### [Problem]
Retype, exactly as they appear below, the lines between the line holding "#26=DIRECTION('',(0.,0.,1.));" and the line holding "#64=DIRECTION('',(0.,1.,0.));", both ends included.

### [Supplied material]
__________
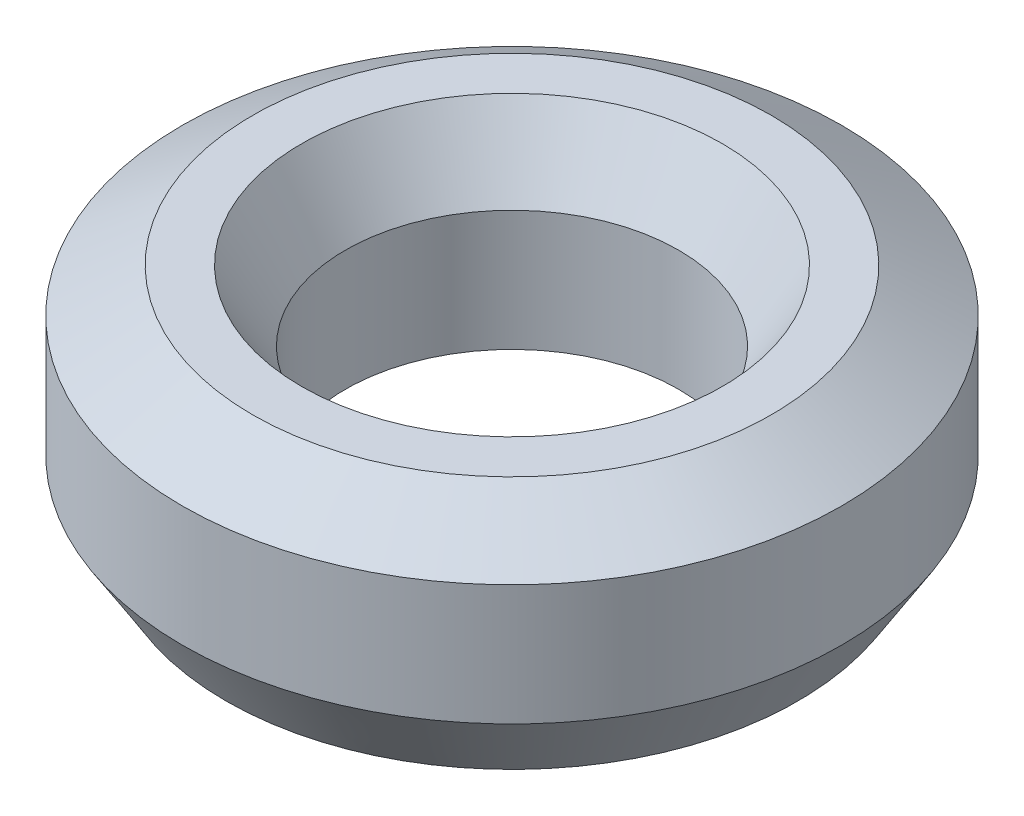
ISO-10303-21;
HEADER;
FILE_DESCRIPTION(('STEP AP214'),'2;1');
FILE_NAME('part.step','',(''),(''),'','','');
FILE_SCHEMA(('AUTOMOTIVE_DESIGN { 1 0 10303 214 1 1 1 1 }'));
ENDSEC;
DATA;
#1=APPLICATION_CONTEXT('core data for automotive mechanical design processes');
#2=APPLICATION_PROTOCOL_DEFINITION('international standard','automotive_design',2000,#1);
#3=PRODUCT_CONTEXT('',#1,'mechanical');
#4=PRODUCT('Part','Part','',(#3));
#5=PRODUCT_RELATED_PRODUCT_CATEGORY('part','',(#4));
#6=PRODUCT_DEFINITION_FORMATION('','',#4);
#7=PRODUCT_DEFINITION_CONTEXT('part definition',#1,'design');
#8=PRODUCT_DEFINITION('design','',#6,#7);
#9=PRODUCT_DEFINITION_SHAPE('','',#8);
#10=(LENGTH_UNIT() NAMED_UNIT(*) SI_UNIT(.MILLI.,.METRE.));
#11=(NAMED_UNIT(*) PLANE_ANGLE_UNIT() SI_UNIT($,.RADIAN.));
#12=(NAMED_UNIT(*) SI_UNIT($,.STERADIAN.) SOLID_ANGLE_UNIT());
#13=UNCERTAINTY_MEASURE_WITH_UNIT(LENGTH_MEASURE(1.E-05),#10,'distance_accuracy_value','');
#14=(GEOMETRIC_REPRESENTATION_CONTEXT(3) GLOBAL_UNCERTAINTY_ASSIGNED_CONTEXT((#13)) GLOBAL_UNIT_ASSIGNED_CONTEXT((#10,
#11,#12)) REPRESENTATION_CONTEXT('',''));
#15=CARTESIAN_POINT('',(0.,0.,0.));
#16=DIRECTION('',(0.,0.,1.));
#17=DIRECTION('',(1.,0.,0.));
#18=AXIS2_PLACEMENT_3D('',#15,#16,#17);
#19=CARTESIAN_POINT('',(0.,19.5687559896404,0.));
#20=DIRECTION('',(0.,-1.,0.));
#21=DIRECTION('',(0.,0.,-1.));
#22=AXIS2_PLACEMENT_3D('',#19,#20,#21);
#23=CYLINDRICAL_SURFACE('',#22,27.5);
#24=CARTESIAN_POINT('',(0.,5.86489268810925,0.));
#25=DIRECTION('',(0.,1.,0.));
#26=DIRECTION('',(0.,0.,1.));
#27=AXIS2_PLACEMENT_3D('',#24,#25,#26);
#28=CIRCLE('',#27,27.5);
#29=CARTESIAN_POINT('',(0.,5.86489268810925,27.5));
#30=VERTEX_POINT('',#29);
#31=EDGE_CURVE('E10',#30,#30,#28,.T.);
#32=ORIENTED_EDGE('',*,*,#31,.T.);
#33=EDGE_LOOP('',(#32));
#34=FACE_BOUND('',#33,.T.);
#35=CARTESIAN_POINT('',(0.,15.9188003643487,0.));
#36=DIRECTION('',(0.,1.,0.));
#37=DIRECTION('',(0.,0.,1.));
#38=AXIS2_PLACEMENT_3D('',#35,#36,#37);
#39=CIRCLE('',#38,27.5);
#40=CARTESIAN_POINT('',(0.,15.9188003643487,27.5));
#41=VERTEX_POINT('',#40);
#42=EDGE_CURVE('E50',#41,#41,#39,.F.);
#43=ORIENTED_EDGE('',*,*,#42,.T.);
#44=EDGE_LOOP('',(#43));
#45=FACE_BOUND('',#44,.T.);
#46=ADVANCED_FACE('F39',(#34,#45),#23,.T.);
#47=CARTESIAN_POINT('',(0.,19.5687559896404,0.));
#48=DIRECTION('',(0.,1.,0.));
#49=DIRECTION('',(0.,0.,1.));
#50=AXIS2_PLACEMENT_3D('',#47,#48,#49);
#51=PLANE('',#50);
#52=CARTESIAN_POINT('',(0.,19.5687559896404,0.));
#53=DIRECTION('',(0.,1.,0.));
#54=DIRECTION('',(0.,0.,1.));
#55=AXIS2_PLACEMENT_3D('',#52,#53,#54);
#56=CIRCLE('',#55,17.5476063171311);
#57=CARTESIAN_POINT('',(0.,19.5687559896404,17.5476063171311));
#58=VERTEX_POINT('',#57);
#59=EDGE_CURVE('E58',#58,#58,#56,.F.);
#60=ORIENTED_EDGE('',*,*,#59,.T.);
#61=EDGE_LOOP('',(#60));
#62=FACE_BOUND('',#61,.T.);
#63=CARTESIAN_POINT('',(0.,19.5687559896404,0.));
#64=DIRECTION('',(0.,1.,0.));
#65=DIRECTION('',(0.,0.,1.));
#66=AXIS2_PLACEMENT_3D('',#63,#64,#65);
#67=CIRCLE('',#66,21.6351073118907);
#68=CARTESIAN_POINT('',(0.,19.5687559896404,21.6351073118907));
#69=VERTEX_POINT('',#68);
#70=EDGE_CURVE('E61',#69,#69,#67,.T.);
#71=ORIENTED_EDGE('',*,*,#70,.T.);
#72=EDGE_LOOP('',(#71));
#73=FACE_BOUND('',#72,.T.);
#74=ADVANCED_FACE('F88',(#62,#73),#51,.T.);
#75=CARTESIAN_POINT('',(0.,0.,0.));
#76=DIRECTION('',(0.,1.,0.));
#77=DIRECTION('',(0.,0.,1.));
#78=AXIS2_PLACEMENT_3D('',#75,#76,#77);
#79=PLANE('',#78);
#80=CARTESIAN_POINT('',(0.,0.,0.));
#81=DIRECTION('',(0.,1.,0.));
#82=DIRECTION('',(0.,0.,1.));
#83=AXIS2_PLACEMENT_3D('',#80,#81,#82);
#84=CIRCLE('',#83,19.7625433799486);
#85=CARTESIAN_POINT('',(0.,0.,19.7625433799486));
#86=VERTEX_POINT('',#85);
#87=EDGE_CURVE('E51',#86,#86,#84,.T.);
#88=ORIENTED_EDGE('',*,*,#87,.T.);
#89=EDGE_LOOP('',(#88));
#90=FACE_BOUND('',#89,.T.);
#91=CARTESIAN_POINT('',(0.,0.,0.));
#92=DIRECTION('',(0.,1.,0.));
#93=DIRECTION('',(0.,0.,1.));
#94=AXIS2_PLACEMENT_3D('',#91,#92,#93);
#95=CIRCLE('',#94,23.8500443747083);
#96=CARTESIAN_POINT('',(0.,0.,23.8500443747083));
#97=VERTEX_POINT('',#96);
#98=EDGE_CURVE('E54',#97,#97,#95,.F.);
#99=ORIENTED_EDGE('',*,*,#98,.T.);
#100=EDGE_LOOP('',(#99));
#101=FACE_BOUND('',#100,.T.);
#102=ADVANCED_FACE('F83',(#90,#101),#79,.F.);
#103=CARTESIAN_POINT('',(0.,19.5687559896404,0.));
#104=DIRECTION('',(0.,-1.,0.));
#105=DIRECTION('',(0.,0.,-1.));
#106=AXIS2_PLACEMENT_3D('',#103,#104,#105);
#107=CYLINDRICAL_SURFACE('',#106,13.8976506918394);
#108=CARTESIAN_POINT('',(0.,13.7038633015312,0.));
#109=DIRECTION('',(0.,1.,0.));
#110=DIRECTION('',(0.,0.,1.));
#111=AXIS2_PLACEMENT_3D('',#108,#109,#110);
#112=CIRCLE('',#111,13.8976506918394);
#113=CARTESIAN_POINT('',(0.,13.7038633015312,13.8976506918394));
#114=VERTEX_POINT('',#113);
#115=EDGE_CURVE('E67',#114,#114,#112,.T.);
#116=ORIENTED_EDGE('',*,*,#115,.T.);
#117=EDGE_LOOP('',(#116));
#118=FACE_BOUND('',#117,.T.);
#119=CARTESIAN_POINT('',(0.,3.64995562529169,0.));
#120=DIRECTION('',(0.,1.,0.));
#121=DIRECTION('',(0.,0.,1.));
#122=AXIS2_PLACEMENT_3D('',#119,#120,#121);
#123=CIRCLE('',#122,13.8976506918394);
#124=CARTESIAN_POINT('',(0.,3.64995562529169,13.8976506918394));
#125=VERTEX_POINT('',#124);
#126=EDGE_CURVE('E69',#125,#125,#123,.F.);
#127=ORIENTED_EDGE('',*,*,#126,.T.);
#128=EDGE_LOOP('',(#127));
#129=FACE_BOUND('',#128,.T.);
#130=ADVANCED_FACE('F71',(#118,#129),#107,.F.);
#131=CARTESIAN_POINT('',(0.,13.7038633015312,0.));
#132=DIRECTION('',(0.,1.,0.));
#133=DIRECTION('',(0.,0.,1.));
#134=AXIS2_PLACEMENT_3D('',#131,#132,#133);
#135=CONICAL_SURFACE('',#134,13.8976506918394,0.556684011448836);
#136=ORIENTED_EDGE('',*,*,#59,.F.);
#137=EDGE_LOOP('',(#136));
#138=FACE_BOUND('',#137,.T.);
#139=ORIENTED_EDGE('',*,*,#115,.F.);
#140=EDGE_LOOP('',(#139));
#141=FACE_BOUND('',#140,.T.);
#142=ADVANCED_FACE('F77',(#138,#141),#135,.F.);
#143=CARTESIAN_POINT('',(0.,0.,0.));
#144=DIRECTION('',(0.,-1.,0.));
#145=DIRECTION('',(0.,0.,-1.));
#146=AXIS2_PLACEMENT_3D('',#143,#144,#145);
#147=CONICAL_SURFACE('',#146,19.7625433799486,1.01411231534606);
#148=ORIENTED_EDGE('',*,*,#126,.F.);
#149=EDGE_LOOP('',(#148));
#150=FACE_BOUND('',#149,.T.);
#151=ORIENTED_EDGE('',*,*,#87,.F.);
#152=EDGE_LOOP('',(#151));
#153=FACE_BOUND('',#152,.T.);
#154=ADVANCED_FACE('F73',(#150,#153),#147,.F.);
#155=CARTESIAN_POINT('',(0.,5.86489268810925,0.));
#156=DIRECTION('',(0.,1.,0.));
#157=DIRECTION('',(0.,0.,1.));
#158=AXIS2_PLACEMENT_3D('',#155,#156,#157);
#159=CONICAL_SURFACE('',#158,27.5,0.556684011448835);
#160=CARTESIAN_POINT('',(0.,0.,23.8500443747083));
#161=CARTESIAN_POINT('',(0.,0.0610926321678048,23.8880647458051));
#162=CARTESIAN_POINT('',(0.,0.122185264335609,23.9260851169019));
#163=CARTESIAN_POINT('',(0.,0.244370528671218,24.0021258590955));
#164=CARTESIAN_POINT('',(0.,0.305463160839023,24.0401462301922));
#165=CARTESIAN_POINT('',(0.,0.427648425174632,24.1161869723858));
#166=CARTESIAN_POINT('',(0.,0.488741057342437,24.1542073434826));
#167=CARTESIAN_POINT('',(0.,0.610926321678047,24.2302480856762));
#168=CARTESIAN_POINT('',(0.,0.672018953845851,24.268268456773));
#169=CARTESIAN_POINT('',(0.,0.79420421818146,24.3443091989665));
#170=CARTESIAN_POINT('',(0.,0.855296850349265,24.3823295700633));
#171=CARTESIAN_POINT('',(0.,0.977482114684875,24.4583703122569));
#172=CARTESIAN_POINT('',(0.,1.03857474685268,24.4963906833537));
#173=CARTESIAN_POINT('',(0.,1.16076001118829,24.5724314255473));
#174=CARTESIAN_POINT('',(0.,1.22185264335609,24.6104517966441));
#175=CARTESIAN_POINT('',(0.,1.3440379076917,24.6864925388376));
#176=CARTESIAN_POINT('',(0.,1.40513053985951,24.7245129099344));
#177=CARTESIAN_POINT('',(0.,1.52731580419512,24.800553652128));
#178=CARTESIAN_POINT('',(0.,1.58840843636292,24.8385740232248));
#179=CARTESIAN_POINT('',(0.,1.71059370069853,24.9146147654184));
#180=CARTESIAN_POINT('',(0.,1.77168633286634,24.9526351365152));
#181=CARTESIAN_POINT('',(0.,1.89387159720195,25.0286758787087));
#182=CARTESIAN_POINT('',(0.,1.95496422936975,25.0666962498055));
#183=CARTESIAN_POINT('',(0.,2.07714949370536,25.1427369919991));
#184=CARTESIAN_POINT('',(0.,2.13824212587316,25.1807573630959));
#185=CARTESIAN_POINT('',(0.,2.26042739020877,25.2567981052895));
#186=CARTESIAN_POINT('',(0.,2.32152002237658,25.2948184763863));
#187=CARTESIAN_POINT('',(0.,2.44370528671219,25.3708592185798));
#188=CARTESIAN_POINT('',(0.,2.50479791887999,25.4088795896766));
#189=CARTESIAN_POINT('',(0.,2.6269831832156,25.4849203318702));
#190=CARTESIAN_POINT('',(0.,2.68807581538341,25.522940702967));
#191=CARTESIAN_POINT('',(0.,2.81026107971902,25.5989814451606));
#192=CARTESIAN_POINT('',(0.,2.87135371188682,25.6370018162574));
#193=CARTESIAN_POINT('',(0.,2.99353897622243,25.7130425584509));
#194=CARTESIAN_POINT('',(0.,3.05463160839024,25.7510629295477));
#195=CARTESIAN_POINT('',(0.,3.17681687272585,25.8271036717413));
#196=CARTESIAN_POINT('',(0.,3.23790950489365,25.8651240428381));
#197=CARTESIAN_POINT('',(0.,3.36009476922926,25.9411647850317));
#198=CARTESIAN_POINT('',(0.,3.42118740139706,25.9791851561285));
#199=CARTESIAN_POINT('',(0.,3.54337266573267,26.055225898322));
#200=CARTESIAN_POINT('',(0.,3.60446529790048,26.0932462694188));
#201=CARTESIAN_POINT('',(0.,3.72665056223609,26.1692870116124));
#202=CARTESIAN_POINT('',(0.,3.78774319440389,26.2073073827092));
#203=CARTESIAN_POINT('',(0.,3.9099284587395,26.2833481249028));
#204=CARTESIAN_POINT('',(0.,3.97102109090731,26.3213684959996));
#205=CARTESIAN_POINT('',(0.,4.09320635524292,26.3974092381931));
#206=CARTESIAN_POINT('',(0.,4.15429898741072,26.4354296092899));
#207=CARTESIAN_POINT('',(0.,4.27648425174633,26.5114703514835));
#208=CARTESIAN_POINT('',(0.,4.33757688391414,26.5494907225803));
#209=CARTESIAN_POINT('',(0.,4.45976214824974,26.6255314647739));
#210=CARTESIAN_POINT('',(0.,4.52085478041755,26.6635518358707));
#211=CARTESIAN_POINT('',(0.,4.64304004475316,26.7395925780642));
#212=CARTESIAN_POINT('',(0.,4.70413267692096,26.777612949161));
#213=CARTESIAN_POINT('',(0.,4.82631794125657,26.8536536913546));
#214=CARTESIAN_POINT('',(0.,4.88741057342438,26.8916740624514));
#215=CARTESIAN_POINT('',(0.,5.00959583775999,26.967714804645));
#216=CARTESIAN_POINT('',(0.,5.07068846992779,27.0057351757417));
#217=CARTESIAN_POINT('',(0.,5.1928737342634,27.0817759179353));
#218=CARTESIAN_POINT('',(0.,5.25396636643121,27.1197962890321));
#219=CARTESIAN_POINT('',(0.,5.37615163076681,27.1958370312257));
#220=CARTESIAN_POINT('',(0.,5.43724426293462,27.2338574023225));
#221=CARTESIAN_POINT('',(0.,5.55942952727023,27.3098981445161));
#222=CARTESIAN_POINT('',(0.,5.62052215943803,27.3479185156128));
#223=CARTESIAN_POINT('',(0.,5.74270742377364,27.4239592578064));
#224=CARTESIAN_POINT('',(0.,5.80380005594145,27.4619796289032));
#225=CARTESIAN_POINT('',(0.,5.86489268810925,27.5));
#226=B_SPLINE_CURVE_WITH_KNOTS('',3,(#160,#161,#162,#163,#164,#165,#166,#167,#168,#169,#170,
#171,#172,#173,#174,#175,#176,#177,#178,#179,#180,#181,#182,#183,#184,#185,#186,#187,#188,#189,
#190,#191,#192,#193,#194,#195,#196,#197,#198,#199,#200,#201,#202,#203,#204,#205,#206,#207,#208,
#209,#210,#211,#212,#213,#214,#215,#216,#217,#218,#219,#220,#221,#222,#223,#224,#225),
.UNSPECIFIED.,.F.,.F.,(4,2,2,2,2,2,2,2,2,2,2,2,2,2,2,2,2,2,2,2,2,2,2,2,2,2,2,2,2,2,2,2,4),(0.,
0.215872010487124,0.431744020974252,0.647616031461377,0.863488041948503,1.07936005243563,
1.29523206292275,1.51110407340988,1.72697608389701,1.94284809438413,2.15872010487126,
2.37459211535839,2.59046412584551,2.80633613633264,3.02220814681976,3.23808015730689,
3.45395216779402,3.66982417828114,3.88569618876827,4.10156819925539,4.31744020974252,
4.53331222022965,4.74918423071677,4.9650562412039,5.18092825169102,5.39680026217815,
5.61267227266528,5.8285442831524,6.04441629363953,6.26028830412665,6.47616031461378,
6.69203232510091,6.90790433558803),.UNSPECIFIED.);
#227=EDGE_CURVE('BSEAM76',#97,#30,#226,.T.);
#228=ORIENTED_EDGE('',*,*,#98,.F.);
#229=ORIENTED_EDGE('',*,*,#31,.F.);
#230=ORIENTED_EDGE('',*,*,#227,.T.);
#231=ORIENTED_EDGE('',*,*,#227,.F.);
#232=EDGE_LOOP('',(#228,#230,#229,#231));
#233=FACE_BOUND('',#232,.T.);
#234=ADVANCED_FACE('F76',(#233),#159,.T.);
#235=CARTESIAN_POINT('',(0.,19.5687559896404,0.));
#236=DIRECTION('',(0.,-1.,0.));
#237=DIRECTION('',(0.,0.,-1.));
#238=AXIS2_PLACEMENT_3D('',#235,#236,#237);
#239=CONICAL_SURFACE('',#238,21.6351073118907,1.01411231534606);
#240=ORIENTED_EDGE('',*,*,#42,.F.);
#241=EDGE_LOOP('',(#240));
#242=FACE_BOUND('',#241,.T.);
#243=ORIENTED_EDGE('',*,*,#70,.F.);
#244=EDGE_LOOP('',(#243));
#245=FACE_BOUND('',#244,.T.);
#246=ADVANCED_FACE('F45',(#242,#245),#239,.T.);
#247=CLOSED_SHELL('',(#46,#74,#102,#130,#142,#154,#234,#246));
#248=MANIFOLD_SOLID_BREP('B2',#247);
#249=ADVANCED_BREP_SHAPE_REPRESENTATION('',(#18,#248),#14);
#250=SHAPE_DEFINITION_REPRESENTATION(#9,#249);
ENDSEC;
END-ISO-10303-21;
__________
### [Worked solution]
#26=DIRECTION('',(0.,0.,1.));
#27=AXIS2_PLACEMENT_3D('',#24,#25,#26);
#28=CIRCLE('',#27,27.5);
#29=CARTESIAN_POINT('',(0.,5.86489268810925,27.5));
#30=VERTEX_POINT('',#29);
#31=EDGE_CURVE('E10',#30,#30,#28,.T.);
#32=ORIENTED_EDGE('',*,*,#31,.T.);
#33=EDGE_LOOP('',(#32));
#34=FACE_BOUND('',#33,.T.);
#35=CARTESIAN_POINT('',(0.,15.9188003643487,0.));
#36=DIRECTION('',(0.,1.,0.));
#37=DIRECTION('',(0.,0.,1.));
#38=AXIS2_PLACEMENT_3D('',#35,#36,#37);
#39=CIRCLE('',#38,27.5);
#40=CARTESIAN_POINT('',(0.,15.9188003643487,27.5));
#41=VERTEX_POINT('',#40);
#42=EDGE_CURVE('E50',#41,#41,#39,.F.);
#43=ORIENTED_EDGE('',*,*,#42,.T.);
#44=EDGE_LOOP('',(#43));
#45=FACE_BOUND('',#44,.T.);
#46=ADVANCED_FACE('F39',(#34,#45),#23,.T.);
#47=CARTESIAN_POINT('',(0.,19.5687559896404,0.));
#48=DIRECTION('',(0.,1.,0.));
#49=DIRECTION('',(0.,0.,1.));
#50=AXIS2_PLACEMENT_3D('',#47,#48,#49);
#51=PLANE('',#50);
#52=CARTESIAN_POINT('',(0.,19.5687559896404,0.));
#53=DIRECTION('',(0.,1.,0.));
#54=DIRECTION('',(0.,0.,1.));
#55=AXIS2_PLACEMENT_3D('',#52,#53,#54);
#56=CIRCLE('',#55,17.5476063171311);
#57=CARTESIAN_POINT('',(0.,19.5687559896404,17.5476063171311));
#58=VERTEX_POINT('',#57);
#59=EDGE_CURVE('E58',#58,#58,#56,.F.);
#60=ORIENTED_EDGE('',*,*,#59,.T.);
#61=EDGE_LOOP('',(#60));
#62=FACE_BOUND('',#61,.T.);
#63=CARTESIAN_POINT('',(0.,19.5687559896404,0.));
#64=DIRECTION('',(0.,1.,0.));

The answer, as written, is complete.